If your walls are raw plaster or gypsum drywall, Milk Paint will stick to these surfaces, no special prep is needed. Don’t use over a joint compound that has latex in it though, it doesn’t apply as well to that.
It works well over raw wood, on glass, and masonry. It bonds with masonry walls so well that it would be tough to remove. The original formula should be used on raw wood.
The SafePaint wall formula is the only one that can go over regular primers and some regular paints. I used it in the photo above on raw drywall, and I couldn’t get it perfectly even at the seams.
It does require a topcoat to be durable, my post dedicated to Milk Paint goes over those options as well as tips on how to apply it.
Milk Paint Similarities to Romabio Mineral Paint
- Both are breathable.
- Both are high in mineral content.
- Both are technically 0-VOC.
- Both can be used without a primer in some circumstances.
Milk Paint Differences compared to Romabio Mineral Paint
- Milk Paint is 100% natural.
- We have full disclosure on what is in Milk Paint.
- Milk Paint is much lower in odor when wet and is more suitable for people with extreme sensitivities.
- Milk Paint is not wipeable without a topcoat, where Romabio is, Romabio is much more durable.
- You should make up a sample board for Milk Paint, because it’s not that easy to get it even on the walls.
Ingredients in Milk Paint
Ingredients: milk protein (casein), limestone, clay, chalk, and natural pigments.
Summary – Which Mineral Paint to Choose:
- Use RomaBio or Kiem if you want an easy solution that applies like typical paint and is matte, breathable, and washable. A great choice for masonry. Kiem for a super low-odor option.
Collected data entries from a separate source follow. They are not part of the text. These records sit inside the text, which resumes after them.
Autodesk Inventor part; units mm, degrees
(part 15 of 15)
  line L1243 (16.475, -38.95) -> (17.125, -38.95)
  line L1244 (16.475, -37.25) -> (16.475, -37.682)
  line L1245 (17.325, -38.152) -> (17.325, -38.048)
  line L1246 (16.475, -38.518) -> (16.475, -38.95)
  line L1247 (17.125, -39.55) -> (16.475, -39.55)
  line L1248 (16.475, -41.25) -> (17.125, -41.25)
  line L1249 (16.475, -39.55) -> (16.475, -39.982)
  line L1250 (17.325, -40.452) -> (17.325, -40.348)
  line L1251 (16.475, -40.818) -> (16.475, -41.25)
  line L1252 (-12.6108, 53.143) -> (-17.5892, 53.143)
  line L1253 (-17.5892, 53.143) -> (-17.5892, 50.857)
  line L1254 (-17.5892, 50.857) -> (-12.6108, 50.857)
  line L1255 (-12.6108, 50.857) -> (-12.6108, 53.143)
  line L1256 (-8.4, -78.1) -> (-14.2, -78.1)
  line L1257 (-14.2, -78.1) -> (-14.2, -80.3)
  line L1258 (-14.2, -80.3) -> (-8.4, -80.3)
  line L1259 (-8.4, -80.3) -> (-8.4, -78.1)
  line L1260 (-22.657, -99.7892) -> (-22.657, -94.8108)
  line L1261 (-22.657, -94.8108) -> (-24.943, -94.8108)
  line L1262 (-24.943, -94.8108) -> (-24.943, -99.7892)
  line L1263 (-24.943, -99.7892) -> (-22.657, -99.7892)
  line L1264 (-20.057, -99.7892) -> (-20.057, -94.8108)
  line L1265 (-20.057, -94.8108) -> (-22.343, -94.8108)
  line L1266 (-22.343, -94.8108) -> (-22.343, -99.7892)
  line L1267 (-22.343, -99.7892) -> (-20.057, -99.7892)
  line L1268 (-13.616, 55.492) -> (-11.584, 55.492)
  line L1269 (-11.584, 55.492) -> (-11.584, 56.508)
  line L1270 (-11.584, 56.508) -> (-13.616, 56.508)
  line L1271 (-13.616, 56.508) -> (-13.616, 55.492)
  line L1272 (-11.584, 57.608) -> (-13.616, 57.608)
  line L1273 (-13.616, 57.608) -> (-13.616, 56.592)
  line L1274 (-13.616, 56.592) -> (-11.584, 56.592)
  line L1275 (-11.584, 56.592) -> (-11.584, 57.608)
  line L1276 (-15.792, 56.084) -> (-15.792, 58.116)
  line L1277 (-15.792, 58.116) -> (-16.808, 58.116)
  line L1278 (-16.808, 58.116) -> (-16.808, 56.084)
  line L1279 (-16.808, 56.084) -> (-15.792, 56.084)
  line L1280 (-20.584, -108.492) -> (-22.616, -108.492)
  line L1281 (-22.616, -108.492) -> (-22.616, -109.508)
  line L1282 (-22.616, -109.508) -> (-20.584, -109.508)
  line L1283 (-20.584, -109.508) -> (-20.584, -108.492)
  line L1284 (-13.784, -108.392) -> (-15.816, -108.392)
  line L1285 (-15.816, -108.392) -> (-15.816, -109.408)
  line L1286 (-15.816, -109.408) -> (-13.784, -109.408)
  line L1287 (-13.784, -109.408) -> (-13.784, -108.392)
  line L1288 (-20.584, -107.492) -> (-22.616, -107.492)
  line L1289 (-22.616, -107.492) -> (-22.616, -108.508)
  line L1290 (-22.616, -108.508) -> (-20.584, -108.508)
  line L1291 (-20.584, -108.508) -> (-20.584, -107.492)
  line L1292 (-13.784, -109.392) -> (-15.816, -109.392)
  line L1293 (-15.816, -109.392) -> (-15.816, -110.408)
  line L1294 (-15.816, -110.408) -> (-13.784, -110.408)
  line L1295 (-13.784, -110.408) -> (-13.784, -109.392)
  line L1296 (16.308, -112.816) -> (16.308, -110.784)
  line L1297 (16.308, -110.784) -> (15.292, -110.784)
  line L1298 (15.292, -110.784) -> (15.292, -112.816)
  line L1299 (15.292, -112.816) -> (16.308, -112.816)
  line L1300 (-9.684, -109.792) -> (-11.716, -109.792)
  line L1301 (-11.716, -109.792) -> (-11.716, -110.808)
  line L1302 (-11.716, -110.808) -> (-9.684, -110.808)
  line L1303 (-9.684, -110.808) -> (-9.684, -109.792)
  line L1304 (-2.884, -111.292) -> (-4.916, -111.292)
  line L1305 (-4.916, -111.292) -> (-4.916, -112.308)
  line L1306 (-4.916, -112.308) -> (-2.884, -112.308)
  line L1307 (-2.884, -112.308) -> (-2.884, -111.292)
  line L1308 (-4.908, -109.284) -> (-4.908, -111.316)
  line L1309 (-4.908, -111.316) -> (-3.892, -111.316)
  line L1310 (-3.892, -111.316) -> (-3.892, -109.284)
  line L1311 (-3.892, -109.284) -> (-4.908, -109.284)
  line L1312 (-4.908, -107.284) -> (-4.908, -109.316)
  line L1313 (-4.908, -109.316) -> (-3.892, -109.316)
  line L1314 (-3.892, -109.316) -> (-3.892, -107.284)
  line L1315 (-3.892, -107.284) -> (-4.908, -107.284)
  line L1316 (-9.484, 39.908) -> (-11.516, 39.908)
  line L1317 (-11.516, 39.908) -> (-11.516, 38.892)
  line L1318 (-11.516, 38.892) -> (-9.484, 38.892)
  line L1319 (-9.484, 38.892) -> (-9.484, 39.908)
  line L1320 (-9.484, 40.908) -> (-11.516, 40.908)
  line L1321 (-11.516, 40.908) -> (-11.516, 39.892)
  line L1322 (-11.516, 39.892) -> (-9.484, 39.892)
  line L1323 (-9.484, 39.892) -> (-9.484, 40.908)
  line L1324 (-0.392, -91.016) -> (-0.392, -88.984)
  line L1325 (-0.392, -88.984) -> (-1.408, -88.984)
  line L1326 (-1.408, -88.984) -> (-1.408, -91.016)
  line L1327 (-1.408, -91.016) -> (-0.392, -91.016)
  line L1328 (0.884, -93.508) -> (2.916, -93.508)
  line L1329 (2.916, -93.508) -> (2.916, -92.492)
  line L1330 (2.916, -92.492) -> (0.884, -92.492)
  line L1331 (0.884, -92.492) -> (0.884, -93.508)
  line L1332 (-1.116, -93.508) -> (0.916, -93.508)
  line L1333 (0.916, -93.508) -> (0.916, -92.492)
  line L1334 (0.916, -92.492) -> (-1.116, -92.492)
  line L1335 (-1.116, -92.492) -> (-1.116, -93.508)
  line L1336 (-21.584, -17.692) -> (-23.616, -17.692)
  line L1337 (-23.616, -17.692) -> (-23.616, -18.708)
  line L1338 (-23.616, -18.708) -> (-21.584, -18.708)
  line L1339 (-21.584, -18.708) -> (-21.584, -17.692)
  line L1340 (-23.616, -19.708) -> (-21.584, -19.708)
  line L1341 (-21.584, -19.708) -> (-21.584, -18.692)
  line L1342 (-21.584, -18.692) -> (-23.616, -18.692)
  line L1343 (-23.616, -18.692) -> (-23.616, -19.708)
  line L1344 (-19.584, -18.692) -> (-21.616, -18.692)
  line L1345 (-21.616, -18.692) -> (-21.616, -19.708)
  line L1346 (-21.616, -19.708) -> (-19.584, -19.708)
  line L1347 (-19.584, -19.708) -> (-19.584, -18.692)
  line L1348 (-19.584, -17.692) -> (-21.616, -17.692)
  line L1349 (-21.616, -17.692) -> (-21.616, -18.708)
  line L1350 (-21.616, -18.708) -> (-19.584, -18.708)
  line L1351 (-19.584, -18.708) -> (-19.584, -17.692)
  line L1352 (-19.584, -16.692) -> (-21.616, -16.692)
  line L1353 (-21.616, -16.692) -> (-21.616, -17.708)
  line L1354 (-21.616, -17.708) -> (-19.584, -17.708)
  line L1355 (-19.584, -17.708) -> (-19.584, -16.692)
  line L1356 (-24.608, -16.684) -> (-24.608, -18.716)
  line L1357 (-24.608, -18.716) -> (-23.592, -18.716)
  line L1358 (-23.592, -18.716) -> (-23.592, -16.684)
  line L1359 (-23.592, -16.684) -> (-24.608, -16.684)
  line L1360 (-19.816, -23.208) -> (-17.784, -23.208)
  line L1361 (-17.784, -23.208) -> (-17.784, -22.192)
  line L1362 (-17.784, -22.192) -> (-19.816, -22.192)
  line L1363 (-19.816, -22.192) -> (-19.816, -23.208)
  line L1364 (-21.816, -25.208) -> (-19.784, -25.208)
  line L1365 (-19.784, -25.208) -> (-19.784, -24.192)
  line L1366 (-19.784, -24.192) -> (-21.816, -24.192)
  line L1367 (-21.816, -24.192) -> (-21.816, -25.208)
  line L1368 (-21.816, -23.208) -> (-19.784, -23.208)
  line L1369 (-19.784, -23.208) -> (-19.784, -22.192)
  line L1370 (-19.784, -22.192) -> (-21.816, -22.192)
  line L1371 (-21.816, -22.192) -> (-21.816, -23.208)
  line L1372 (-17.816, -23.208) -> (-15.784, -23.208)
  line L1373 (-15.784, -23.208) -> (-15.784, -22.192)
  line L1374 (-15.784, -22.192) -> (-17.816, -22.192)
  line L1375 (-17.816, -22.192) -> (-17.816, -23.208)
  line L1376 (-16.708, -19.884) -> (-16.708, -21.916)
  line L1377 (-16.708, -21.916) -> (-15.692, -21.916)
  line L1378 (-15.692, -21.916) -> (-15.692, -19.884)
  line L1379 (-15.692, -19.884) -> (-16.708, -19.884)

- Use BioShield or Farrow and Ball if you are very sensitive but still want something conventional (Farrow and Ball) or close to it (BioShield). Both are breathable.
- Try Milk Paint if you want a truly 100% natural and safe product. It’s ideal over raw wood.
- Try Chalk/ed Paint if painting over something difficult to prime like metal or shellac, or if you want to save time with just one coat.
Paints that Didn’t Make the List:
- Earthborn Paints – are available only in the UK/Europe.
- Green Planet Paints – these paints are a little different. This is a soy-based paint but it is essentially an acrylic paint, just like conventional paint. The acrylic is naturally derived.
- Auro – In Europe, they sell the more pure mineral paint but they do not sell this in North America at this time.
- Fusion Mineral Paint – did not make the list because this is an acrylic paint. The company says very clearly that this is made with 100% acrylic binder. Just like all other paints, the fillers/thickeners are minerals.